■ YOUR ASSIGNMENT
Across the entries below, tally every line that holds the word "polarity". Give only the tally.

■ RECORD SET

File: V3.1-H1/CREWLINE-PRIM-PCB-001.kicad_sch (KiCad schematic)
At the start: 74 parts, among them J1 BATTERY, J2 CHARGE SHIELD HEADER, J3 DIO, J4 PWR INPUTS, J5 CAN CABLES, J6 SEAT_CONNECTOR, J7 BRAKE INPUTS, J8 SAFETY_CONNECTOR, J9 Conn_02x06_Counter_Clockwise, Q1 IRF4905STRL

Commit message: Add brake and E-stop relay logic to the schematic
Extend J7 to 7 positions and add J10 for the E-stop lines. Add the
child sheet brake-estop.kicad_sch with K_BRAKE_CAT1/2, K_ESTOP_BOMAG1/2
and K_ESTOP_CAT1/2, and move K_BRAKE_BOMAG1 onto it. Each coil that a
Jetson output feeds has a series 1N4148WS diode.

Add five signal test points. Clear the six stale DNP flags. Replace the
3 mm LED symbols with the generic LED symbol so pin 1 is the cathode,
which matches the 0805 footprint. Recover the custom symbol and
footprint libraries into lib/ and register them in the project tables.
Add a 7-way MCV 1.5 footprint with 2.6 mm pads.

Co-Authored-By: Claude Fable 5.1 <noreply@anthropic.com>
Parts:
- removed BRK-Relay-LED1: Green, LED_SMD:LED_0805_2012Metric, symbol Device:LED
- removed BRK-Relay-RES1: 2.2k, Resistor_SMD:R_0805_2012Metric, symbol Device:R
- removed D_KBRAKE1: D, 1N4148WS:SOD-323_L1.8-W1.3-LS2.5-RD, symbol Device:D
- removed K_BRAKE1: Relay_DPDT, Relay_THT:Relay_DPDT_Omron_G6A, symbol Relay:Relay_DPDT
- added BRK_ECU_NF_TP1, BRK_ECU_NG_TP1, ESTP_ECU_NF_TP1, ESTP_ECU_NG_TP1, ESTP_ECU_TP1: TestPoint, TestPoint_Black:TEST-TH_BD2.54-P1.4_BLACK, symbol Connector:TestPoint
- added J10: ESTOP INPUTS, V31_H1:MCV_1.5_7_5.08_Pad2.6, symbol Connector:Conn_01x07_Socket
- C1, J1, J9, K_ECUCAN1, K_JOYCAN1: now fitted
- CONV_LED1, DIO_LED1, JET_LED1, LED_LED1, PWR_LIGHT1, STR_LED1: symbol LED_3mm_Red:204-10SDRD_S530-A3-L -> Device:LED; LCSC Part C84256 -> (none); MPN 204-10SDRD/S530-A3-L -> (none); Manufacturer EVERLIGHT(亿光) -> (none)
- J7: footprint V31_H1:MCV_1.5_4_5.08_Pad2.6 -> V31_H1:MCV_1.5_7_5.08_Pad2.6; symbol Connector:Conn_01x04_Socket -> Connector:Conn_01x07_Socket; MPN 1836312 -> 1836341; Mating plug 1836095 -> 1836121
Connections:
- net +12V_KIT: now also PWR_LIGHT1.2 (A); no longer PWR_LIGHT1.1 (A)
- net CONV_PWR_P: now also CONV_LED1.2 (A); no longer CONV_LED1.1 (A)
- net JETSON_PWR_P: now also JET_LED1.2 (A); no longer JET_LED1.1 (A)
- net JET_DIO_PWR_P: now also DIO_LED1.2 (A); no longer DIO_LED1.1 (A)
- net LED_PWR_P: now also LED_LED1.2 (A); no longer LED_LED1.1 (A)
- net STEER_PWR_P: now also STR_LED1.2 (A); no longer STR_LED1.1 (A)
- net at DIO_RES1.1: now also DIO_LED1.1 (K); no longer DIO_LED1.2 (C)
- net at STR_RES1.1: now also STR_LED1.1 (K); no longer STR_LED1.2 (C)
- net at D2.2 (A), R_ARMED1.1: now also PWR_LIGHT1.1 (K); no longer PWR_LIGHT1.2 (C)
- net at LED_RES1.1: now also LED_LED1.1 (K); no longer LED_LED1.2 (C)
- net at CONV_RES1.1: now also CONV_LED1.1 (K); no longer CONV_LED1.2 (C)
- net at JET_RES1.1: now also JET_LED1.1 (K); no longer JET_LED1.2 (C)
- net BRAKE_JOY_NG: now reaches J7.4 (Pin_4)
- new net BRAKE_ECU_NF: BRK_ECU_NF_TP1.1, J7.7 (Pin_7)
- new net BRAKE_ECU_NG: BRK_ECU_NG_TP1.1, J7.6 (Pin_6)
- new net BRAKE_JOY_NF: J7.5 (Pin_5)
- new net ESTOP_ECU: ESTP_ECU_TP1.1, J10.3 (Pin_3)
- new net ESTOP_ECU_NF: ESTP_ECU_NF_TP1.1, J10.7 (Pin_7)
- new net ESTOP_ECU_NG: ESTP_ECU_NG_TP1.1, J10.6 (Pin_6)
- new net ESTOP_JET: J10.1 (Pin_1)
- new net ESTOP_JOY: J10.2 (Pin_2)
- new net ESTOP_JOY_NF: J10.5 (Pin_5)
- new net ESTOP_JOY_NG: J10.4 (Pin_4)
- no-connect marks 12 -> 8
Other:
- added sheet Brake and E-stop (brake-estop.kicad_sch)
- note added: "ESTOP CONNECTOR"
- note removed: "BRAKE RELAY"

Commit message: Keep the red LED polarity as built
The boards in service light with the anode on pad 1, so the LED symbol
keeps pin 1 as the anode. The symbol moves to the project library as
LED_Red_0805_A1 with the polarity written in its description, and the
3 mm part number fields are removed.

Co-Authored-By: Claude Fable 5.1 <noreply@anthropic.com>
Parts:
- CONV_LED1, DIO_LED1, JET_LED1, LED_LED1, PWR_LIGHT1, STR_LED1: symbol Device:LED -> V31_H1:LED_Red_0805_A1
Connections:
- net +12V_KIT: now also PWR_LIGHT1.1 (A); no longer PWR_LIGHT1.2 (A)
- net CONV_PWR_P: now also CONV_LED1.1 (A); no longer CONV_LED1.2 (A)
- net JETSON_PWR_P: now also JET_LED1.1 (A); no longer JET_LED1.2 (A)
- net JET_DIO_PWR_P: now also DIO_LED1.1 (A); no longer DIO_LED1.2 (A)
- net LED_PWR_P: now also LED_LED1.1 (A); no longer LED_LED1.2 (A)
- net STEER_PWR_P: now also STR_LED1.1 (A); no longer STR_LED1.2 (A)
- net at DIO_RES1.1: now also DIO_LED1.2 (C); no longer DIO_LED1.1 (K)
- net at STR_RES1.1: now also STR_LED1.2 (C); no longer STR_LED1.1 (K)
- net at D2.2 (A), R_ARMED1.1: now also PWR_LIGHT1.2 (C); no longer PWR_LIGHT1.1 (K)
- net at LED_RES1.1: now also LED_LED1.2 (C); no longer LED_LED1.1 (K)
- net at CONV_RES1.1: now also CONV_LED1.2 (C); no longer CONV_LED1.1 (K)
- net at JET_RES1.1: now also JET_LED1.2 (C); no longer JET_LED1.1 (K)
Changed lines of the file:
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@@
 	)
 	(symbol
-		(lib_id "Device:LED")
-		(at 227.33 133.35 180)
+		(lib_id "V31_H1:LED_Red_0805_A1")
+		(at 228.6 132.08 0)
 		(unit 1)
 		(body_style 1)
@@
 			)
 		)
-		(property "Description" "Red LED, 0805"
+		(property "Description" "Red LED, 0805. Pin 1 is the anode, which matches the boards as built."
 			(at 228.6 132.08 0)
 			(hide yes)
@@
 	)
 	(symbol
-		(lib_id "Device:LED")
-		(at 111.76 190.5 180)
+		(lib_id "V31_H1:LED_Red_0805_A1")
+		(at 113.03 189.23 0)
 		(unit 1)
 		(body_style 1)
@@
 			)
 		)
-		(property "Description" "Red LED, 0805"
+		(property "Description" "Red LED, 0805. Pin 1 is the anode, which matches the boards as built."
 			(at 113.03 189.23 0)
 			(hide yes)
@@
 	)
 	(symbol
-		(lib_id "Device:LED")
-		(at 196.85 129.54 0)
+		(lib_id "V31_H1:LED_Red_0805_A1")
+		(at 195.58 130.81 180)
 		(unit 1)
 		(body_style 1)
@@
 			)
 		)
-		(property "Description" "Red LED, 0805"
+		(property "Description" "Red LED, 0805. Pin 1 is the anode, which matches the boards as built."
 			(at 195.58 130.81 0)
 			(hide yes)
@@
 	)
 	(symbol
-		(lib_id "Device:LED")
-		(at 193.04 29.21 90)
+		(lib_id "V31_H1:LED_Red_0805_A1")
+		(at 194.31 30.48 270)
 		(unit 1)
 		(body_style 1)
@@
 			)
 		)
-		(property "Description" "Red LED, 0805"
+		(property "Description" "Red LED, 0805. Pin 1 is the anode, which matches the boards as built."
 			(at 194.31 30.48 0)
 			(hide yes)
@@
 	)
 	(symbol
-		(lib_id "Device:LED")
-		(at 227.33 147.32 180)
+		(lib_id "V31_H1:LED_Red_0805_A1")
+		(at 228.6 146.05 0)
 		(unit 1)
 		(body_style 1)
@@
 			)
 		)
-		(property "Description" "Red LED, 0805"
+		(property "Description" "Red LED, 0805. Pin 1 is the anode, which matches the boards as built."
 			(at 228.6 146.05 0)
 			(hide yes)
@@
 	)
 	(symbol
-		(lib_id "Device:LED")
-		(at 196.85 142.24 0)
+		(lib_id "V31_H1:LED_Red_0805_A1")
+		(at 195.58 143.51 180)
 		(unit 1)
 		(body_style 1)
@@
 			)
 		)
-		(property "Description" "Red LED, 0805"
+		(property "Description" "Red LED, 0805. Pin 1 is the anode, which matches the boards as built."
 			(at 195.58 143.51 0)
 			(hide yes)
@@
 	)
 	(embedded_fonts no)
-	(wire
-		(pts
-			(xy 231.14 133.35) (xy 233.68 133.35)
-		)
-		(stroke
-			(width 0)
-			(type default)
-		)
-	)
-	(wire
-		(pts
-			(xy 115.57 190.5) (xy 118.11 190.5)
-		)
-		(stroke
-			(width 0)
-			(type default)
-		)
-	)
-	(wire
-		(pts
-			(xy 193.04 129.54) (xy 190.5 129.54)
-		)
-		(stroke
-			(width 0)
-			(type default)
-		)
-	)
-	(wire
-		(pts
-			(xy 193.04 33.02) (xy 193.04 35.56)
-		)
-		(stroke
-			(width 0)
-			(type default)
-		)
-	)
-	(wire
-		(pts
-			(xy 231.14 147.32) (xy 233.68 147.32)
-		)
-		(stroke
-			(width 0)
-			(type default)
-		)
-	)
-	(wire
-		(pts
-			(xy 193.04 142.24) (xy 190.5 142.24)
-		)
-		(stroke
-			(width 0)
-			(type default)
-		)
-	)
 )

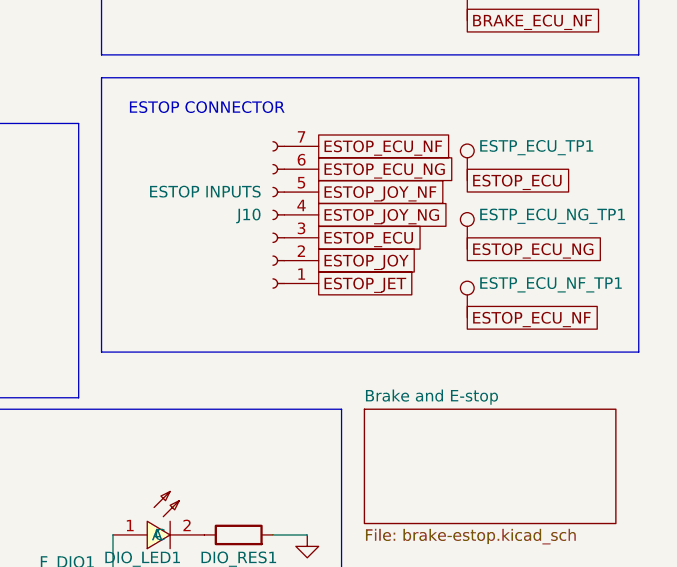
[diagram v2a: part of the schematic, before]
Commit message: Merge the E-stop relays and rename ESTOP_JET to ESTOP_REMOTE
The four E-stop relays become ESTOP_COM_RELAY1 and ESTOP_COM_RELAY2.
Each keeps the coil of its BOMAG relay and takes the CAT contacts on
its spare pole. The support parts follow the new names and the second
series diode is removed.

Co-Authored-By: Claude Fable 5.1 <noreply@anthropic.com>
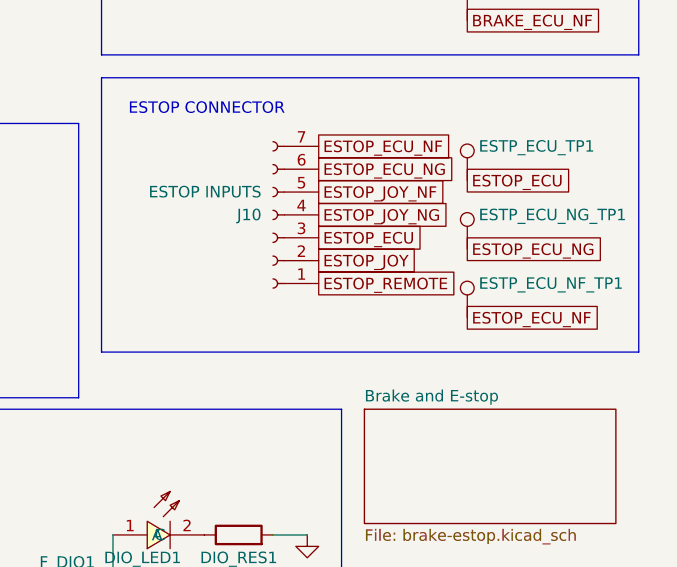
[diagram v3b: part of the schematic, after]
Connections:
- net ESTOP_JET renamed ESTOP_REMOTE
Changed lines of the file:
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@@
 		)
 	)
-	(global_label "ESTOP_JET"
+	(global_label "ESTOP_REMOTE"
 		(shape passive)
 		(at 246.38 105.41 0)

■ RESPONSE TO THIS TASK
2